April 4, 2005
International music scene thriving
If music really is the universal language, Sacramento State
The University's 300 acres host a world of international musical from campus groups and visiting performers annually. Performers and style vary greatly semester to semester, but the constantly affordable ticket prices and intimate venues make Sacramento State the place to hear the unexpected.
The newest addition to the mix is the University's own Balinese percussion orchestra, Gamelan Suara Santi, or Voice of Peace. The homegrown group is a traditional Indonesian five-tone "angklung" gamelan. Its instruments are mostly brass bells and gongs in tuned pairs that create waves of exotic sound. Doing the striking are up to 25 Sacramento State students under the direction of music professor Daniel Kennedy.
The instruments came to Sacramento State because of Kennedy's longtime interest in Indonesian music, the same interest that led Kennedy to the island of Bali on a research trip in 2003. While studying Balinese music under gamelan master Made Subandi, Kennedy visited famed instrument builders Gableron and Sons from the town of Blabatuh. With assistance from Subandi, Kennedy arranged for the creation of the varied instruments that make up Sacramento State's gamelan.
Work on the instruments spanned four months, all done in the rustic Gableron workshops. "You had guys with flip-flops carrying around pots of molten brass," Kennedy says. The gongs and bells were cast and the wooden supports were hand-carved with fierce dragons. By the end of Kennedy's trip the one-of-a-kind instruments were packed and ready to go. "I ended up with eight enormous boxes to ship," Kennedy says.
The group debuted last fall in a concert featuring renowned Balinese musicians Gamelan Sekar Jaya and Balinese dance. The Gamelan Suara Santi has become a hub of classes taught by Kennedy, and he's planning future concerts as well as community outreach events and off-campus shows.
Brass of a different kind is the focus of another Sacramento State group, the Latin Jazz Ensemble. Formed by professor Steve Roach in the fall of 2001, the 10-piece group has become a on- and off-campus favorite.
"What we do is play contemporary Latin jazz. We try to stay hip, to be new. That piques the interest of the group. The students are always challenged," Roach says. He plays trumpet as well as directs the group. The ensemble has played countless campus events, appeared annually at the Sacramento Jazz Jubilee and even plays private parties. Con Sentimento, the group's first CD, is out and another is planned to be released in May.
"I just love this music," Roach says, "and I think the ensemble is an important part of the jazz program at Sacramento State."
The University's own international musical offerings are augmented with regular concerts by visiting talent through Sacramento State's ongoing World Music Series under the guidance of professor Jim Chopyak.

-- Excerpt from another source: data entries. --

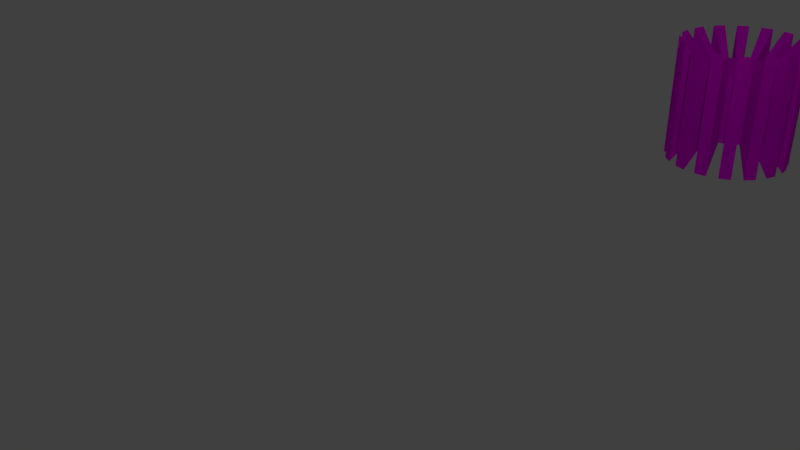 # Source: ed7.blend  (saved by Blender 2.77.0; exported with 4.5.12 LTS)
import bpy
from mathutils import Matrix  # noqa: F401  (used for matrix-valued properties, if any)

bpy.ops.wm.read_factory_settings(use_empty=True)
scene = bpy.context.scene
scene.name = 'Scene'

# ---- collections
col_collection_1 = bpy.data.collections.new('Collection 1'); scene.collection.children.link(col_collection_1)

# ---- images (referenced by path relative to the original .blend; pixels are not part of the script)
import os
ASSET_DIR = os.environ.get("B2B_ASSET_DIR", "")  # directory of the original .blend (textures are referenced by path, not embedded)
HERE = os.path.dirname(os.path.abspath(__file__))  # packed textures are extracted next to this script under _unpacked/

def load_image(name, relpath, width, height, colorspace="sRGB"):
    """Load a texture the original file referenced (path relative to the .blend, or extracted next to this script)."""
    p = next((c for c in (os.path.join(HERE, relpath), os.path.join(ASSET_DIR, relpath)) if relpath and os.path.exists(c)), "")
    if p:
        img = bpy.data.images.load(p, check_existing=True)
        img.name = name
    else:  # same state as the original file: an image datablock whose file is absent (Cycles renders it pink)
        img = bpy.data.images.new(name, width, height)
        img.source = "FILE"
        img.filepath = "//" + (relpath or name)
    img.colorspace_settings.name = colorspace
    return img
img_tex1_ed7_jpg = load_image('tex1_ed7.jpg', 'CarGL.V2.1 (Shaders)/res/tex1_ed7.jpg', 1024, 1024, 'sRGB')

# ---- materials (node trees are filled in below, after node groups)
mat_material_001 = bpy.data.materials.new('Material.001')
mat_material_001.alpha_threshold = 0.0
mat_material_001.roughness = 0.5

# ---- material node trees
mat_material_001.use_nodes = True; mat_material_001.node_tree.nodes.clear()
_N = mat_material_001.node_tree.nodes; _L = mat_material_001.node_tree.links
n0 = _N.new('ShaderNodeOutputMaterial'); n0.name = 'Material Output'; n0.location = (300, 300)
n1 = _N.new('ShaderNodeBsdfDiffuse'); n1.name = 'Diffuse BSDF'; n1.location = (10, 300)
n2 = _N.new('ShaderNodeTexImage'); n2.name = 'Image Texture'; n2.location = (-211, 285)
n2.width = 140
n2.image = img_tex1_ed7_jpg
_L.new(n1.outputs[0], n0.inputs[0])
_L.new(n2.outputs[0], n1.inputs[0])
n0.is_active_output = True

# ---- world
world_world = bpy.data.worlds.new('World'); scene.world = world_world
world_world.color = (0.05088, 0.05088, 0.05088)
world_world.use_sun_shadow = False
world_world.sun_shadow_jitter_overblur = 0.0
world_world.cycles.sampling_method = 'MANUAL'

# ---- cameras
cam_camera = bpy.data.cameras.new('Camera')
cam_camera.clip_end = 100.0
cam_camera.lens = 35.0
cam_camera.sensor_width = 32.0
cam_camera.sensor_height = 18.0
cam_camera.ortho_scale = 7.314
cam_camera.dof.focus_distance = 0.0

# ---- lights
light_lamp = bpy.data.lights.new('Lamp', 'POINT')
light_lamp.transmission_factor = 0.0
light_lamp.cutoff_distance = 30.0
light_lamp.energy = 100.0
light_lamp.shadow_buffer_clip_start = 1.001
light_lamp.shadow_soft_size = 0.1
light_lamp.shadow_maximum_resolution = 0.006
light_lamp.use_absolute_resolution = True

# ---- meshes
me_cylinder_000 = bpy.data.meshes.new('Cylinder.000')
me_cylinder_000.from_pydata([(-1.528, 0.4371, 6.696), (-1.528, 1.496, 6.696), (-1.631, 0.4371, 6.685), (-1.631, 1.496, 6.685), (-1.731, 0.4371, 6.655), (-1.731, 1.496, 6.655), (-1.822, 0.4371, 6.606), (-1.822, 1.496, 6.606), (-1.902, 0.4371, 6.541), (-1.902, 1.496, 6.541), (-1.968, 0.4371, 6.46), (-1.968, 1.496, 6.46), (-2.017, 0.4371, 6.369), (-2.017, 1.496, 6.369), (-2.047, 0.4371, 6.269), (-2.047, 1.496, 6.269), (-2.057, 0.4371, 6.166), (-2.057, 1.496, 6.166), (-2.047, 0.4371, 6.063), (-2.047, 1.496, 6.063), (-2.017, 0.4371, 5.964), (-2.017, 1.496, 5.964), (-1.968, 0.4371, 5.872), (-1.968, 1.496, 5.872), (-1.902, 0.4371, 5.792), (-1.902, 1.496, 5.792), (-1.822, 0.4371, 5.726), (-1.822, 1.496, 5.726), (-1.731, 0.4371, 5.677), (-1.731, 1.496, 5.677), (-1.631, 0.4371, 5.647), (-1.631, 1.496, 5.647), (-1.528, 0.4371, 5.637), (-1.528, 1.496, 5.637), (-1.425, 0.4371, 5.647), (-1.425, 1.496, 5.647), (-1.325, 0.4371, 5.677), (-1.325, 1.496, 5.677), (-1.234, 0.4371, 5.726), (-1.234, 1.496, 5.726), (-1.154, 0.4371, 5.792), (-1.154, 1.496, 5.792), (-1.088, 0.4371, 5.872), (-1.088, 1.496, 5.872), (-1.039, 0.4371, 5.964), (-1.039, 1.496, 5.964), (-1.009, 0.4371, 6.063), (-1.009, 1.496, 6.063), (-0.9985, 0.4371, 6.166), (-0.9985, 1.496, 6.166), (-1.009, 0.4371, 6.269), (-1.009, 1.496, 6.269), (-1.039, 0.4371, 6.369), (-1.039, 1.496, 6.369), (-1.088, 0.4371, 6.46), (-1.088, 1.496, 6.46), (-1.154, 0.4371, 6.541), (-1.154, 1.496, 6.541), (-1.234, 0.4371, 6.606), (-1.234, 1.496, 6.606), (-1.325, 0.4371, 6.655), (-1.325, 1.496, 6.655), (-1.425, 0.4371, 6.685), (-1.425, 1.496, 6.685), (-1.528, 0.4371, 6.696), (-1.528, 1.496, 6.696), (-1.631, 1.496, 6.685), (-1.631, 0.4371, 6.685), (-1.731, 0.4371, 6.655), (-1.731, 1.496, 6.655), (-1.822, 1.496, 6.606), (-1.822, 0.4371, 6.606), (-1.902, 0.4371, 6.541), (-1.902, 1.496, 6.541), (-1.968, 1.496, 6.46), (-1.968, 0.4371, 6.46), (-2.017, 0.4371, 6.369), (-2.017, 1.496, 6.369), (-2.047, 1.496, 6.269), (-2.047, 0.4371, 6.269), (-2.057, 0.4371, 6.166), (-2.057, 1.496, 6.166), (-2.047, 1.496, 6.063), (-2.047, 0.4371, 6.063), (-2.017, 0.4371, 5.964), (-2.017, 1.496, 5.964), (-1.968, 1.496, 5.872), (-1.968, 0.4371, 5.872), (-1.902, 0.4371, 5.792), (-1.902, 1.496, 5.792), (-1.822, 1.496, 5.726), (-1.822, 0.4371, 5.726), (-1.731, 0.4371, 5.677), (-1.731, 1.496, 5.677), (-1.631, 1.496, 5.647), (-1.631, 0.4371, 5.647), (-1.528, 0.4371, 5.637), (-1.528, 1.496, 5.637), (-1.425, 1.496, 5.647), (-1.425, 0.4371, 5.647), (-1.325, 0.4371, 5.677), (-1.325, 1.496, 5.677), (-1.234, 1.496, 5.726), (-1.234, 0.4371, 5.726), (-1.154, 0.4371, 5.792), (-1.154, 1.496, 5.792), (-1.088, 1.496, 5.872), (-1.088, 0.4371, 5.872), (-1.039, 0.4371, 5.964), (-1.039, 1.496, 5.964), (-1.009, 1.496, 6.063), (-1.009, 0.4371, 6.063), (-0.9985, 0.4371, 6.166), (-0.9985, 1.496, 6.166), (-1.009, 1.496, 6.269), (-1.009, 0.4371, 6.269), (-1.039, 0.4371, 6.369), (-1.039, 1.496, 6.369), (-1.088, 1.496, 6.46), (-1.088, 0.4371, 6.46), (-1.154, 0.4371, 6.541), (-1.154, 1.496, 6.541), (-1.234, 1.496, 6.606), (-1.234, 0.4371, 6.606), (-1.325, 0.4371, 6.655), (-1.325, 1.496, 6.655), (-1.425, 1.496, 6.685), (-1.425, 0.4371, 6.685), (-1.528, 0.4371, 6.696), (-1.528, 1.496, 6.696), (-1.631, 1.496, 6.685), (-1.631, 0.4371, 6.685), (-1.731, 0.4371, 6.655), (-1.731, 1.496, 6.655), (-1.822, 1.496, 6.606), (-1.822, 0.4371, 6.606), (-1.902, 0.4371, 6.541), (-1.902, 1.496, 6.541), (-1.968, 1.496, 6.46), (-1.968, 0.4371, 6.46), (-2.017, 0.4371, 6.369), (-2.017, 1.496, 6.369), (-2.047, 1.496, 6.269), (-2.047, 0.4371, 6.269), (-2.057, 0.4371, 6.166), (-2.057, 1.496, 6.166), (-2.047, 1.496, 6.063), (-2.047, 0.4371, 6.063), (-2.017, 0.4371, 5.964), (-2.017, 1.496, 5.964), (-1.968, 1.496, 5.872), (-1.968, 0.4371, 5.872), (-1.902, 0.4371, 5.792), (-1.902, 1.496, 5.792), (-1.822, 1.496, 5.726), (-1.822, 0.4371, 5.726), (-1.731, 0.4371, 5.677), (-1.731, 1.496, 5.677), (-1.631, 1.496, 5.647), (-1.631, 0.4371, 5.647), (-1.528, 0.4371, 5.637), (-1.528, 1.496, 5.637), (-1.425, 1.496, 5.647), (-1.425, 0.4371, 5.647), (-1.325, 0.4371, 5.677), (-1.325, 1.496, 5.677), (-1.234, 1.496, 5.726), (-1.234, 0.4371, 5.726), (-1.154, 0.4371, 5.792), (-1.154, 1.496, 5.792), (-1.088, 1.496, 5.872), (-1.088, 0.4371, 5.872), (-1.039, 0.4371, 5.964), (-1.039, 1.496, 5.964), (-1.009, 1.496, 6.063), (-1.009, 0.4371, 6.063), (-0.9985, 0.4371, 6.166), (-0.9985, 1.496, 6.166), (-1.009, 1.496, 6.269), (-1.009, 0.4371, 6.269), (-1.039, 0.4371, 6.369), (-1.039, 1.496, 6.369), (-1.088, 1.496, 6.46), (-1.088, 0.4371, 6.46), (-1.154, 0.4371, 6.541), (-1.154, 1.496, 6.541), (-1.234, 1.496, 6.606), (-1.234, 0.4371, 6.606), (-1.325, 0.4371, 6.655), (-1.325, 1.496, 6.655), (-1.425, 1.496, 6.685), (-1.425, 0.4371, 6.685), (-1.528, 0.4371, 6.696), (-1.528, 1.496, 6.696), (-1.631, 1.496, 6.685), (-1.631, 0.4371, 6.685), (-1.731, 0.4371, 6.655), (-1.731, 1.496, 6.655), (-1.822, 1.496, 6.606), (-1.822, 0.4371, 6.606), (-1.902, 0.4371, 6.541), (-1.902, 1.496, 6.541), (-1.968, 1.496, 6.46), (-1.968, 0.4371, 6.46), (-2.017, 0.4371, 6.369), (-2.017, 1.496, 6.369), (-2.047, 1.496, 6.269), (-2.047, 0.4371, 6.269), (-2.057, 0.4371, 6.166), (-2.057, 1.496, 6.166), (-2.047, 1.496, 6.063), (-2.047, 0.4371, 6.063), (-2.017, 0.4371, 5.964), (-2.017, 1.496, 5.964), (-1.968, 1.496, 5.872), (-1.968, 0.4371, 5.872), (-1.902, 0.4371, 5.792), (-1.902, 1.496, 5.792), (-1.822, 1.496, 5.726), (-1.822, 0.4371, 5.726), (-1.731, 0.4371, 5.677), (-1.731, 1.496, 5.677), (-1.631, 1.496, 5.647), (-1.631, 0.4371, 5.647), (-1.528, 0.4371, 5.637), (-1.528, 1.496, 5.637), (-1.425, 1.496, 5.647), (-1.425, 0.4371, 5.647), (-1.325, 0.4371, 5.677), (-1.325, 1.496, 5.677), (-1.234, 1.496, 5.726), (-1.234, 0.4371, 5.726), (-1.154, 0.4371, 5.792), (-1.154, 1.496, 5.792), (-1.088, 1.496, 5.872), (-1.088, 0.4371, 5.872), (-1.039, 0.4371, 5.964), (-1.039, 1.496, 5.964), (-1.009, 1.496, 6.063), (-1.009, 0.4371, 6.063), (-0.9985, 0.4371, 6.166), (-0.9985, 1.496, 6.166), (-1.009, 1.496, 6.269), (-1.009, 0.4371, 6.269), (-1.039, 0.4371, 6.369), (-1.039, 1.496, 6.369), (-1.088, 1.496, 6.46), (-1.088, 0.4371, 6.46), (-1.154, 0.4371, 6.541), (-1.154, 1.496, 6.541), (-1.234, 1.496, 6.606), (-1.234, 0.4371, 6.606), (-1.325, 0.4371, 6.655), (-1.325, 1.496, 6.655), (-1.425, 1.496, 6.685), (-1.425, 0.4371, 6.685), (-1.528, 0.4371, 6.696), (-1.528, 1.496, 6.696), (-1.631, 1.496, 6.685), (-1.631, 0.4371, 6.685), (-1.731, 0.4371, 6.655), (-1.731, 1.496, 6.655), (-1.822, 1.496, 6.606), (-1.822, 0.4371, 6.606), (-1.902, 0.4371, 6.541), (-1.902, 1.496, 6.541), (-1.968, 1.496, 6.46), (-1.968, 0.4371, 6.46), (-2.017, 0.4371, 6.369), (-2.017, 1.496, 6.369), (-2.047, 1.496, 6.269), (-2.047, 0.4371, 6.269), (-2.057, 0.4371, 6.166), (-2.057, 1.496, 6.166), (-2.047, 1.496, 6.063), (-2.047, 0.4371, 6.063), (-2.017, 0.4371, 5.964), (-2.017, 1.496, 5.964), (-1.968, 1.496, 5.872), (-1.968, 0.4371, 5.872), (-1.902, 0.4371, 5.792), (-1.902, 1.496, 5.792), (-1.822, 1.496, 5.726), (-1.822, 0.4371, 5.726), (-1.731, 0.4371, 5.677), (-1.731, 1.496, 5.677), (-1.631, 1.496, 5.647), (-1.631, 0.4371, 5.647), (-1.528, 0.4371, 5.637), (-1.528, 1.496, 5.637), (-1.425, 1.496, 5.647), (-1.425, 0.4371, 5.647), (-1.325, 0.4371, 5.677), (-1.325, 1.496, 5.677), (-1.234, 1.496, 5.726), (-1.234, 0.4371, 5.726), (-1.154, 0.4371, 5.792), (-1.154, 1.496, 5.792), (-1.088, 1.496, 5.872), (-1.088, 0.4371, 5.872), (-1.039, 0.4371, 5.964), (-1.039, 1.496, 5.964), (-1.009, 1.496, 6.063), (-1.009, 0.4371, 6.063), (-0.9985, 0.4371, 6.166), (-0.9985, 1.496, 6.166), (-1.009, 1.496, 6.269), (-1.009, 0.4371, 6.269), (-1.039, 0.4371, 6.369), (-1.039, 1.496, 6.369), (-1.088, 1.496, 6.46), (-1.088, 0.4371, 6.46), (-1.154, 0.4371, 6.541), (-1.154, 1.496, 6.541), (-1.234, 1.496, 6.606), (-1.234, 0.4371, 6.606), (-1.325, 0.4371, 6.655), (-1.325, 1.496, 6.655), (-1.425, 1.496, 6.685), (-1.425, 0.4371, 6.685), (-1.528, 0.02216, 7.11), (-1.528, 1.911, 7.11), (-1.712, 1.911, 7.092), (-1.712, 0.02216, 7.092), (-1.889, 0.02216, 7.039), (-1.889, 1.911, 7.039), (-2.053, 1.911, 6.951), (-2.053, 0.02216, 6.951), (-2.196, 0.02216, 6.834), (-2.196, 1.911, 6.834), (-2.313, 1.911, 6.691), (-2.313, 0.02216, 6.691), (-2.4, 0.02216, 6.528), (-2.4, 1.911, 6.528), (-2.454, 1.911, 6.35), (-2.454, 0.02216, 6.35), (-2.472, 0.02216, 6.166), (-2.472, 1.911, 6.166), (-2.454, 1.911, 5.982), (-2.454, 0.02216, 5.982), (-2.4, 0.02216, 5.805), (-2.4, 1.911, 5.805), (-2.313, 1.911, 5.641), (-2.313, 0.02216, 5.641), (-2.196, 0.02216, 5.498), (-2.196, 1.911, 5.498), (-2.053, 1.911, 5.381), (-2.053, 0.02216, 5.381), (-1.889, 0.02216, 5.294), (-1.889, 1.911, 5.294), (-1.712, 1.911, 5.24), (-1.712, 0.02216, 5.24), (-1.528, 0.02216, 5.222), (-1.528, 1.911, 5.222), (-1.344, 1.911, 5.24), (-1.344, 0.02216, 5.24), (-1.167, 0.02216, 5.294), (-1.167, 1.911, 5.294), (-1.003, 1.911, 5.381), (-1.003, 0.02216, 5.381), (-0.8601, 0.02216, 5.498), (-0.8601, 1.911, 5.498), (-0.7427, 1.911, 5.641), (-0.7427, 0.02216, 5.641), (-0.6554, 0.02216, 5.805), (-0.6554, 1.911, 5.805), (-0.6017, 1.911, 5.982), (-0.6017, 0.02216, 5.982), (-0.5836, 0.02216, 6.166), (-0.5836, 1.911, 6.166), (-0.6017, 1.911, 6.35), (-0.6017, 0.02216, 6.35), (-0.6554, 0.02216, 6.528), (-0.6554, 1.911, 6.528), (-0.7427, 1.911, 6.691), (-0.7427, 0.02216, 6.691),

"We put on four to five concerts a year," Chopyak says, adding that many of the performances feature Indian music. That's made possible by the Vivek Wagle Memorial Foundation. Wagle, a Sacramento State engineering professor, died in the early 1990s. His love for Indian music lives on in the foundation that bears his name, funding Indian concerts at the University that have become a focus of the World Music Series and made Sacramento State a regional center for Indian musical performance. "The quality of the Indian concerts we've had is astounding," Chopyak says.
Examples are a performance by Indian music superstar Ali Akbar Khan, who came to the University early in the series, and recently a guitar, sitar and tabla show by acclaimed artists Ancient Future. Other offerings have included Siberian throat singers and classical Chinese performers.
The series draws community members to campus, many for the first time, but for Chopyak the concert series is about much more than entertainment. "It is directly related to what I do in the classroom," he says. "The music is not just an abstract to the students when it's right here in concert."
When not on stage, visiting performers visit classes as well. Sacramento State students enjoy some of the best international performers right on campus. "Most students approach the concerts fearful, but they come back thrilled by the music," Chopyak says. "It's an eye-opener to other cultures and a non-threatening way to learn about them."